=== Task statement ===
Each line from the first line of the entries through the line holding "#10=(LENGTH_UNIT() NAMED_UNIT(*) SI_UNIT(.MILLI.,.METRE.));" is to be restated word for word; nothing else, and no picture, belongs in the answer.

=== The input ===
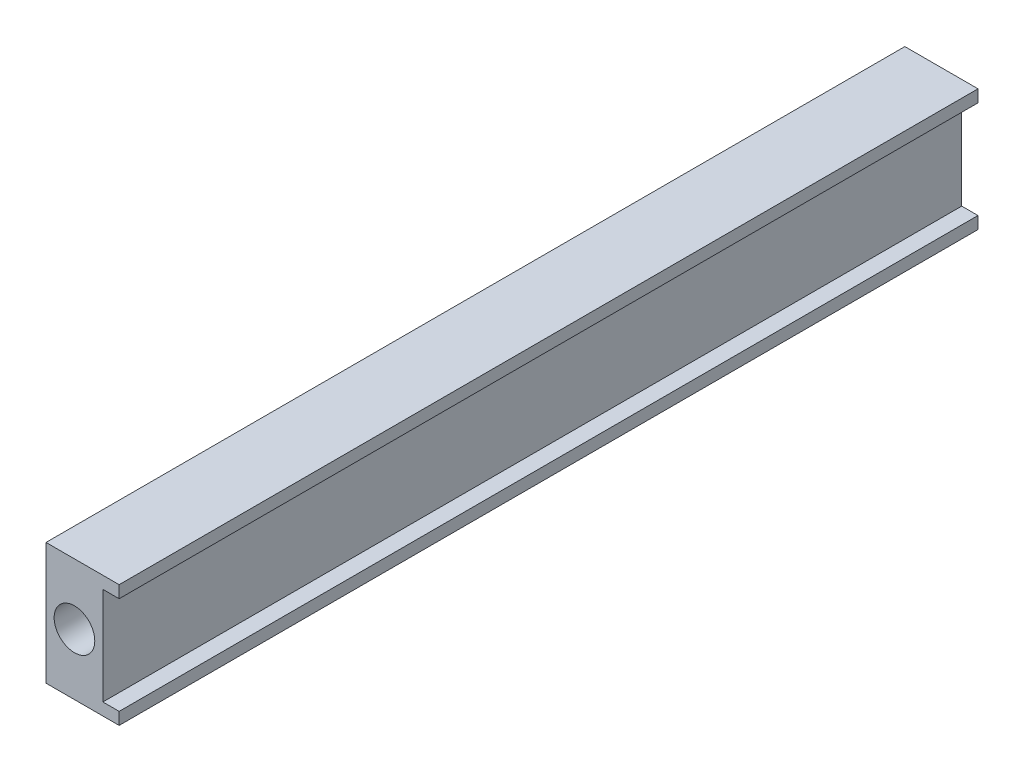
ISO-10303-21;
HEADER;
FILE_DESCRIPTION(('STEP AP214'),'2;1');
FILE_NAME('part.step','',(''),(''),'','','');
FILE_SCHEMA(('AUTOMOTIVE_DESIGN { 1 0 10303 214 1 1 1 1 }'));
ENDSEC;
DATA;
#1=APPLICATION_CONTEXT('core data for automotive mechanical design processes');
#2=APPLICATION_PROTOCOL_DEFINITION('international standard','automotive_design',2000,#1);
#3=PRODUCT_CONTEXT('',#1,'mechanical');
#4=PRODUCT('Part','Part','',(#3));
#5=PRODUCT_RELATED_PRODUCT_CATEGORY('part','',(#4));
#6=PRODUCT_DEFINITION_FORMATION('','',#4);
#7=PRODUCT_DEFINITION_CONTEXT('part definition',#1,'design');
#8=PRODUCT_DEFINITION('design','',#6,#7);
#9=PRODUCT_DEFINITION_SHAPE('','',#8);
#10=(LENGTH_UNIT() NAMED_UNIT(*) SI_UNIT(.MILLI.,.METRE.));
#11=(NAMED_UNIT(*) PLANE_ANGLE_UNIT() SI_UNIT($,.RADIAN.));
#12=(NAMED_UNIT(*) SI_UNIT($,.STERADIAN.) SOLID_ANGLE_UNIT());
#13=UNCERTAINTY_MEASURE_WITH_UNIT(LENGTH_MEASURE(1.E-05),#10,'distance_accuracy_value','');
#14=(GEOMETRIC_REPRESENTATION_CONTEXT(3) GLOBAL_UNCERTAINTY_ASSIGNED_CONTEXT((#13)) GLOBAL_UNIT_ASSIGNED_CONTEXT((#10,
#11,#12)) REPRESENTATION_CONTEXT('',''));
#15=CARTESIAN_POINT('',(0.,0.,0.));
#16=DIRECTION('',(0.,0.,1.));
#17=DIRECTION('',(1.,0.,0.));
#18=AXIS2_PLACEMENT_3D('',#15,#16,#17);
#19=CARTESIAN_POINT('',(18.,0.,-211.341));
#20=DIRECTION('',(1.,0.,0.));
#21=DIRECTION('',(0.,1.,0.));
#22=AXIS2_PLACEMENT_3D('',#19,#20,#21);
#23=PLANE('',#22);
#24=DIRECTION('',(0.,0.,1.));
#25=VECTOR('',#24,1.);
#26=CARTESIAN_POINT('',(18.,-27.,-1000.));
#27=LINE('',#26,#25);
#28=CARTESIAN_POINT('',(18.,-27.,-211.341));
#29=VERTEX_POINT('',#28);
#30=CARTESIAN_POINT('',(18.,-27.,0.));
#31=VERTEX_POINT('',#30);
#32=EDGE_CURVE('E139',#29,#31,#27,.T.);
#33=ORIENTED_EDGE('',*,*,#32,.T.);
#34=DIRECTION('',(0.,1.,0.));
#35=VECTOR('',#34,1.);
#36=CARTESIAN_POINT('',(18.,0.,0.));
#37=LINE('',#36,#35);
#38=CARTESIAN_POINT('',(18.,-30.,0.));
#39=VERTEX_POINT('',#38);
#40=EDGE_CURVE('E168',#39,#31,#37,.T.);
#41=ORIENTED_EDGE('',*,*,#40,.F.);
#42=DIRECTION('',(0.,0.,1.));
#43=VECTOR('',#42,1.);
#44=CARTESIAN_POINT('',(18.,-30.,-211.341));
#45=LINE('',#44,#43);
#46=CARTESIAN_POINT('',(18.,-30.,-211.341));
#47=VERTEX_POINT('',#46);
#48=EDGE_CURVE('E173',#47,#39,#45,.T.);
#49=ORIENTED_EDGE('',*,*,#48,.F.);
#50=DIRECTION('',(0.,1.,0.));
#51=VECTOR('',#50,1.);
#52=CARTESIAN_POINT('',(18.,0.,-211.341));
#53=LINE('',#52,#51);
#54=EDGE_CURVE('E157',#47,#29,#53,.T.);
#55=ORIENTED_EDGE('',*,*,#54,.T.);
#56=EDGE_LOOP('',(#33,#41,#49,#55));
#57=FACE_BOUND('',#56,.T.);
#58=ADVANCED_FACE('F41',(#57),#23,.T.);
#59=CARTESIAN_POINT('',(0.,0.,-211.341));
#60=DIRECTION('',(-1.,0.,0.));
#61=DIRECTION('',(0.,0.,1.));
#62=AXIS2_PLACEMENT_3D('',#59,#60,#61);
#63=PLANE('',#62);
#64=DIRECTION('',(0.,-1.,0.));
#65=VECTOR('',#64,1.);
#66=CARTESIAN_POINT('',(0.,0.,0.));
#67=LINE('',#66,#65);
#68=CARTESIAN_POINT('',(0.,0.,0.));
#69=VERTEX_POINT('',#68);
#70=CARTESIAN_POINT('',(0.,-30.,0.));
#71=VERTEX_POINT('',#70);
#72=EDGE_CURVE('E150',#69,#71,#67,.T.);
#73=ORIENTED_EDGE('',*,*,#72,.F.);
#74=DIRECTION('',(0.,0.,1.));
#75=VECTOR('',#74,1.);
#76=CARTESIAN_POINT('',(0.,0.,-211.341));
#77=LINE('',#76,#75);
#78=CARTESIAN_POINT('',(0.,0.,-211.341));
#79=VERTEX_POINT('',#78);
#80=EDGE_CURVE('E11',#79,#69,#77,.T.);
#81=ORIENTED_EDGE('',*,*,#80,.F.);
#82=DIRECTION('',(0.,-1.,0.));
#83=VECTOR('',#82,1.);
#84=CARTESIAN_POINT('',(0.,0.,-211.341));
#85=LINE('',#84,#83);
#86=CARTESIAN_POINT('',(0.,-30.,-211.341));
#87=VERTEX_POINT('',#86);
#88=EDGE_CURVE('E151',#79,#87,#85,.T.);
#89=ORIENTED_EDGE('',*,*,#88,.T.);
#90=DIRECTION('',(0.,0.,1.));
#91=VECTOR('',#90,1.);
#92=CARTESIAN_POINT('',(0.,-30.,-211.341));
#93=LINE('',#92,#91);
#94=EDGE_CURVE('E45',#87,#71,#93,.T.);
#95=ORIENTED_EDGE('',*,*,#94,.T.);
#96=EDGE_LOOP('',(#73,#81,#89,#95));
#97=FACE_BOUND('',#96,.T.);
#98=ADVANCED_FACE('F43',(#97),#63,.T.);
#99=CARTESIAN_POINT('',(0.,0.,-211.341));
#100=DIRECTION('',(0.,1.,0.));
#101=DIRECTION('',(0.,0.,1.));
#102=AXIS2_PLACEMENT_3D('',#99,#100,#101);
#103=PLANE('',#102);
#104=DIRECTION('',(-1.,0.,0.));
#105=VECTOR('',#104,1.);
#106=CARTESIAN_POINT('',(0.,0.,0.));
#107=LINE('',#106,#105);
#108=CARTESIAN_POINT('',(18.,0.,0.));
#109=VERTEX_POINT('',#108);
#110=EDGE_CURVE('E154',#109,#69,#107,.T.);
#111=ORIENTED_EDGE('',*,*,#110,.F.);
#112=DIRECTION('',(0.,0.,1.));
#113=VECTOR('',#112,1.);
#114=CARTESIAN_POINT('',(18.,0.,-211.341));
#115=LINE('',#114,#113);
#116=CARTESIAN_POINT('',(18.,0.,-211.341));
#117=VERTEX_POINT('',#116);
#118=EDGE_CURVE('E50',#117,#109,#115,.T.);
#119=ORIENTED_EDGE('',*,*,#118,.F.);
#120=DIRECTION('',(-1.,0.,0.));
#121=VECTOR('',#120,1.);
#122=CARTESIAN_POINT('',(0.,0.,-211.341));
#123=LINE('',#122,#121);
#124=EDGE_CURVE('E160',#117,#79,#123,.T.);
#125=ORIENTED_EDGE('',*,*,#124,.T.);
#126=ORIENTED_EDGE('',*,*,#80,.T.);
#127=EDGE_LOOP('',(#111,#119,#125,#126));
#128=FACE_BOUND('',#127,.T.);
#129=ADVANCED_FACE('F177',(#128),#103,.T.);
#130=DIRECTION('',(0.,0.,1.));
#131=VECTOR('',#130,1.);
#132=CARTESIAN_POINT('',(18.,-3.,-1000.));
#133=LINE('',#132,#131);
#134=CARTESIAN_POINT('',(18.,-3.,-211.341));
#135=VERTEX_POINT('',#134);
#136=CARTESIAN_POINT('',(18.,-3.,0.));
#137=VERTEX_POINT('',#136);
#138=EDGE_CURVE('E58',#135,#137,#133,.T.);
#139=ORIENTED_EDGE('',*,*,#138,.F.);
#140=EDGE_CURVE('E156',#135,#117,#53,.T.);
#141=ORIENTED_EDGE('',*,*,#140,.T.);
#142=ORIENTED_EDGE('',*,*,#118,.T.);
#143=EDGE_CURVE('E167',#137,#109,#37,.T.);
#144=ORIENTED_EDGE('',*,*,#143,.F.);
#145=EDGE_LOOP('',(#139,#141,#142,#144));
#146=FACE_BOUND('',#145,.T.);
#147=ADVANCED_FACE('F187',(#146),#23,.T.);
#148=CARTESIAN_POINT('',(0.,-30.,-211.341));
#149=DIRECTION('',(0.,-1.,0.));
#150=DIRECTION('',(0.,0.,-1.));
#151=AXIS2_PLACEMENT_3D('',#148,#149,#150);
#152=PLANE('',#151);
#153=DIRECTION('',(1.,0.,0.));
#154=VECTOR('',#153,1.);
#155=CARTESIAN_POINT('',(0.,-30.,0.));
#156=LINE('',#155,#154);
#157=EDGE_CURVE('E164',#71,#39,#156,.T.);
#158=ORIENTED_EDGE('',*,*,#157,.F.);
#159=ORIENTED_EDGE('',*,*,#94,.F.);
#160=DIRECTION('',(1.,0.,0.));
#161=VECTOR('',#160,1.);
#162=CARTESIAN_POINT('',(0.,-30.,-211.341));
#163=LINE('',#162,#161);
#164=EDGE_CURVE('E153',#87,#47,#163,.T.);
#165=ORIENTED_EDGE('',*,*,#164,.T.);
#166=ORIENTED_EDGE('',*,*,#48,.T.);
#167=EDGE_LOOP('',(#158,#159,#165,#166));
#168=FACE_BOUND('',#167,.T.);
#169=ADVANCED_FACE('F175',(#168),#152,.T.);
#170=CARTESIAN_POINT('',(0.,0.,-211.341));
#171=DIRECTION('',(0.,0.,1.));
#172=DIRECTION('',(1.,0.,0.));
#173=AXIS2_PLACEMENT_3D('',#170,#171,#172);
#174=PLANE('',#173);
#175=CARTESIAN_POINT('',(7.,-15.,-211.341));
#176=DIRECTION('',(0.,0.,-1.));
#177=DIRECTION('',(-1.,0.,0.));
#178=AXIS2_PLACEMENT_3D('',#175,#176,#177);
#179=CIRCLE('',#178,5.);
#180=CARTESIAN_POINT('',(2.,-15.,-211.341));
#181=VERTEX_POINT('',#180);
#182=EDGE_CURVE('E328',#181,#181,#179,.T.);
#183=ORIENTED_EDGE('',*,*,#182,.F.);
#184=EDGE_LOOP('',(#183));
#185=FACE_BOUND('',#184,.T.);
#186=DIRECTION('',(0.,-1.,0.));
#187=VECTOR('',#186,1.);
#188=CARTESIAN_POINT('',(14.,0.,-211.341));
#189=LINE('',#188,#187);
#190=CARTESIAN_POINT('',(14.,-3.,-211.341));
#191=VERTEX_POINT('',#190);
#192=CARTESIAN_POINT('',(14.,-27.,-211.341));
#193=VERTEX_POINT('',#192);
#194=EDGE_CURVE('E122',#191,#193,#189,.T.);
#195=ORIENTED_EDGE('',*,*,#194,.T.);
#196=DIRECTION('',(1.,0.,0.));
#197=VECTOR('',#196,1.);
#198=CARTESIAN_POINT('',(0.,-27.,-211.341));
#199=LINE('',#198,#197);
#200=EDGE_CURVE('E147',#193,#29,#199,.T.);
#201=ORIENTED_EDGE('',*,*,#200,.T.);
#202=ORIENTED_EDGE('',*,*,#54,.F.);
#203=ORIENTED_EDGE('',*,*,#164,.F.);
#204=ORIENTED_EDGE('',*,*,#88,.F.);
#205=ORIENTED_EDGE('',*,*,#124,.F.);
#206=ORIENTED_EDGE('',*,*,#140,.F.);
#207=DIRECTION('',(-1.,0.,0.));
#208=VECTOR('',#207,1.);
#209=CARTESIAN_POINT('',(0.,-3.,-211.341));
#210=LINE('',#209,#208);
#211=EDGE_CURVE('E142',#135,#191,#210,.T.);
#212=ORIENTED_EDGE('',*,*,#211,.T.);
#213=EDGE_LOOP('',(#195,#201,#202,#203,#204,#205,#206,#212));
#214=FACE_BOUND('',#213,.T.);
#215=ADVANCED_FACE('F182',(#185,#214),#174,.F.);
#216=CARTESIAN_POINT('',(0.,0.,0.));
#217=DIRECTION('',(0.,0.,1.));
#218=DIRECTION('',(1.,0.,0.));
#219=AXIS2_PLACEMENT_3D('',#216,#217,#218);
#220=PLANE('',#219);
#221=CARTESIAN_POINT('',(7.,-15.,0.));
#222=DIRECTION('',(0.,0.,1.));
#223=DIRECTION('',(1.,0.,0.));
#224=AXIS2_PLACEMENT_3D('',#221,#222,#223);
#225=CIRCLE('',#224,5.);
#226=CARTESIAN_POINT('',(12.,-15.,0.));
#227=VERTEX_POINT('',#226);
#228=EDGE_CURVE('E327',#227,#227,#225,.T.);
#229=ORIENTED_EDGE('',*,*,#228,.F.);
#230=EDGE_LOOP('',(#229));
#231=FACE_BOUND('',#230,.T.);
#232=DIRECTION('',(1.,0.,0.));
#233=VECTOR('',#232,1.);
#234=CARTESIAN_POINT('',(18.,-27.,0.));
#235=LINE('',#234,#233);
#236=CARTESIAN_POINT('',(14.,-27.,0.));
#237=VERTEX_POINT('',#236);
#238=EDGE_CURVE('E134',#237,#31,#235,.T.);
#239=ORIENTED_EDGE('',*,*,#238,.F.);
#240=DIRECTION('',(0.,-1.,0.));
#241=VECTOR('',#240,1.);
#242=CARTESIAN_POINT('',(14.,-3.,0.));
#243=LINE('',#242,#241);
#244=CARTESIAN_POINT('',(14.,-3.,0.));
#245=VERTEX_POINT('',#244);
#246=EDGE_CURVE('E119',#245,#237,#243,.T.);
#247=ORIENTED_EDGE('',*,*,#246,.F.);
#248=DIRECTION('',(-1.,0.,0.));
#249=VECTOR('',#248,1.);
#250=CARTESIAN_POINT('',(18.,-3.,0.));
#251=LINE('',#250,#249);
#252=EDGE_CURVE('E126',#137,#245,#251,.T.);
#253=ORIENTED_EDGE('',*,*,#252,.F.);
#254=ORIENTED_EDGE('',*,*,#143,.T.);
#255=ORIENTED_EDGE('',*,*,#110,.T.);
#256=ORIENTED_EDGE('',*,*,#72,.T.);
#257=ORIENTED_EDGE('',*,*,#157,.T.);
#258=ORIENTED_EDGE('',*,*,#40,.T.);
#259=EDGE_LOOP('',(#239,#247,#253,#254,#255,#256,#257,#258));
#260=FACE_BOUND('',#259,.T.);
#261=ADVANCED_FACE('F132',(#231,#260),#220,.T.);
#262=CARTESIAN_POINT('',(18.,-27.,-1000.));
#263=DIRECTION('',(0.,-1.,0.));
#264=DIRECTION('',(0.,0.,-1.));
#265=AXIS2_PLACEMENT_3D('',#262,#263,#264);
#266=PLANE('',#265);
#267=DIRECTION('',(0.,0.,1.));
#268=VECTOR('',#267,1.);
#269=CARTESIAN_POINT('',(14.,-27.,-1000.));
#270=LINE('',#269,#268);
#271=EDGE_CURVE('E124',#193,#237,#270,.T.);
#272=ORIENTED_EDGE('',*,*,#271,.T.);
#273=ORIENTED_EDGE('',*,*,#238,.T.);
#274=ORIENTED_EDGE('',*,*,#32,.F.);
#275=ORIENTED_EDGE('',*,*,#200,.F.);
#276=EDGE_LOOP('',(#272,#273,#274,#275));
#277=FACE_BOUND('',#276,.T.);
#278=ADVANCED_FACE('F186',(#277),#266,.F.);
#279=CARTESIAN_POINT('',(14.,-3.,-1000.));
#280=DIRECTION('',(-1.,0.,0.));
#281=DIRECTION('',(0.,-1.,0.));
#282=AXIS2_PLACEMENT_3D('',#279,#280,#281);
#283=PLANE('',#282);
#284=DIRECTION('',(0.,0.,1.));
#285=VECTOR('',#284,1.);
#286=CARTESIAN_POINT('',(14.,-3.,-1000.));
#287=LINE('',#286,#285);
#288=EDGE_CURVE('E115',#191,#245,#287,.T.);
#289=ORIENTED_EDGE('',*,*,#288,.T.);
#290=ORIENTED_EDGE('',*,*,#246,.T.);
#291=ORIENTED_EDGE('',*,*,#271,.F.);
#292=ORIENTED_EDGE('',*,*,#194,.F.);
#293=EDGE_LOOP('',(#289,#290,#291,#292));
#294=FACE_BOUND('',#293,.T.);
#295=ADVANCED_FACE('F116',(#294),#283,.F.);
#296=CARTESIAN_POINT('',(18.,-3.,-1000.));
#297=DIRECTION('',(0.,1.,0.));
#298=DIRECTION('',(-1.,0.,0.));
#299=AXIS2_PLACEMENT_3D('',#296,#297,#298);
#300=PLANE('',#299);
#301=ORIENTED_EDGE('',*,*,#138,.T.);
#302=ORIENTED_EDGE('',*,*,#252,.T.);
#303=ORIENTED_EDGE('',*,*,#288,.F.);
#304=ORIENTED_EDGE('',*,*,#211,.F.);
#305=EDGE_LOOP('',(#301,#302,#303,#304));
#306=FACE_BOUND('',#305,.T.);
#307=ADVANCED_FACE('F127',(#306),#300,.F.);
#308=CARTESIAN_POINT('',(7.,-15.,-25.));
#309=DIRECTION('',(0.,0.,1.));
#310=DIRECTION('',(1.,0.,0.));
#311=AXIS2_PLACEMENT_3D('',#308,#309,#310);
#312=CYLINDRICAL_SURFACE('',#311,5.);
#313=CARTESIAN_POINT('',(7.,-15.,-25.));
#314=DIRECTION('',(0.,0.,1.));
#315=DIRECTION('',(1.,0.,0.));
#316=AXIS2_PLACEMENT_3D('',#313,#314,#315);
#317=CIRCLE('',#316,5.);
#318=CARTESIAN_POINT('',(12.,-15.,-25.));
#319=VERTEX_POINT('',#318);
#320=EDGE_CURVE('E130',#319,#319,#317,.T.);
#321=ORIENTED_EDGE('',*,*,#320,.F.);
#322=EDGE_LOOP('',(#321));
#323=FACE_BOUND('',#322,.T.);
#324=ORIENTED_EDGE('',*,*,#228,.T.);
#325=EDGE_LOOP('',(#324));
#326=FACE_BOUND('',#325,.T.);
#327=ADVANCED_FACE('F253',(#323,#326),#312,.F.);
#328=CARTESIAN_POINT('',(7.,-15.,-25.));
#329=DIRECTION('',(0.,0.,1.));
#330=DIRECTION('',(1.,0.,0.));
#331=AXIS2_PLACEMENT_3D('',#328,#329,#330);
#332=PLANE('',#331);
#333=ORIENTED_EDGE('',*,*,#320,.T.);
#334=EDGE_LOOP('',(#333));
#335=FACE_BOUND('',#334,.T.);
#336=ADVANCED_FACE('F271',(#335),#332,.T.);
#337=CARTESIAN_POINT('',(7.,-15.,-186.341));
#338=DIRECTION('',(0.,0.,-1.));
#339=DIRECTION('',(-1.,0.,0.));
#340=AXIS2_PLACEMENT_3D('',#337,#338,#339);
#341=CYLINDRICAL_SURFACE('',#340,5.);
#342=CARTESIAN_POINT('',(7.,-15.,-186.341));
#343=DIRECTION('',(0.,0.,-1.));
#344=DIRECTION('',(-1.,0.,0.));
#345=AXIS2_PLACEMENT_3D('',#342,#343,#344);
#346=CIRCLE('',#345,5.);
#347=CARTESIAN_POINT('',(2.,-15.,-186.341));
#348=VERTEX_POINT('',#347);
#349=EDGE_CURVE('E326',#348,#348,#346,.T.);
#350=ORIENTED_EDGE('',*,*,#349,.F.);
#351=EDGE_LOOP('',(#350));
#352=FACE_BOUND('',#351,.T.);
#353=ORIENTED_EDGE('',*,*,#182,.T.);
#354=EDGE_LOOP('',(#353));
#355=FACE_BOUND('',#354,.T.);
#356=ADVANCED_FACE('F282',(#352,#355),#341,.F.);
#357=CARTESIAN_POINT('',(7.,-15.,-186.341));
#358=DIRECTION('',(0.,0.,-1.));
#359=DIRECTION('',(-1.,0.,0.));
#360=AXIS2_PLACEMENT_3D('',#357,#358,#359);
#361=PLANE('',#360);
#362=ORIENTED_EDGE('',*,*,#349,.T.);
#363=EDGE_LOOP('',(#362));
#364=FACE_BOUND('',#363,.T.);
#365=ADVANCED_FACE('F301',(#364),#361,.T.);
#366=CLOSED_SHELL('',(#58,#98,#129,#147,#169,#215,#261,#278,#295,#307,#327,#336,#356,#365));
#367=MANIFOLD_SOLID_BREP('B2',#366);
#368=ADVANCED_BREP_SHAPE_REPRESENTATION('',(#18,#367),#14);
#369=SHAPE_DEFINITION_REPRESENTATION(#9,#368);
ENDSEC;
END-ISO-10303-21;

=== Answer for this exercise ===
ISO-10303-21;
HEADER;
FILE_DESCRIPTION(('STEP AP214'),'2;1');
FILE_NAME('part.step','',(''),(''),'','','');
FILE_SCHEMA(('AUTOMOTIVE_DESIGN { 1 0 10303 214 1 1 1 1 }'));
ENDSEC;
DATA;
#1=APPLICATION_CONTEXT('core data for automotive mechanical design processes');
#2=APPLICATION_PROTOCOL_DEFINITION('international standard','automotive_design',2000,#1);
#3=PRODUCT_CONTEXT('',#1,'mechanical');
#4=PRODUCT('Part','Part','',(#3));
#5=PRODUCT_RELATED_PRODUCT_CATEGORY('part','',(#4));
#6=PRODUCT_DEFINITION_FORMATION('','',#4);
#7=PRODUCT_DEFINITION_CONTEXT('part definition',#1,'design');
#8=PRODUCT_DEFINITION('design','',#6,#7);
#9=PRODUCT_DEFINITION_SHAPE('','',#8);
#10=(LENGTH_UNIT() NAMED_UNIT(*) SI_UNIT(.MILLI.,.METRE.));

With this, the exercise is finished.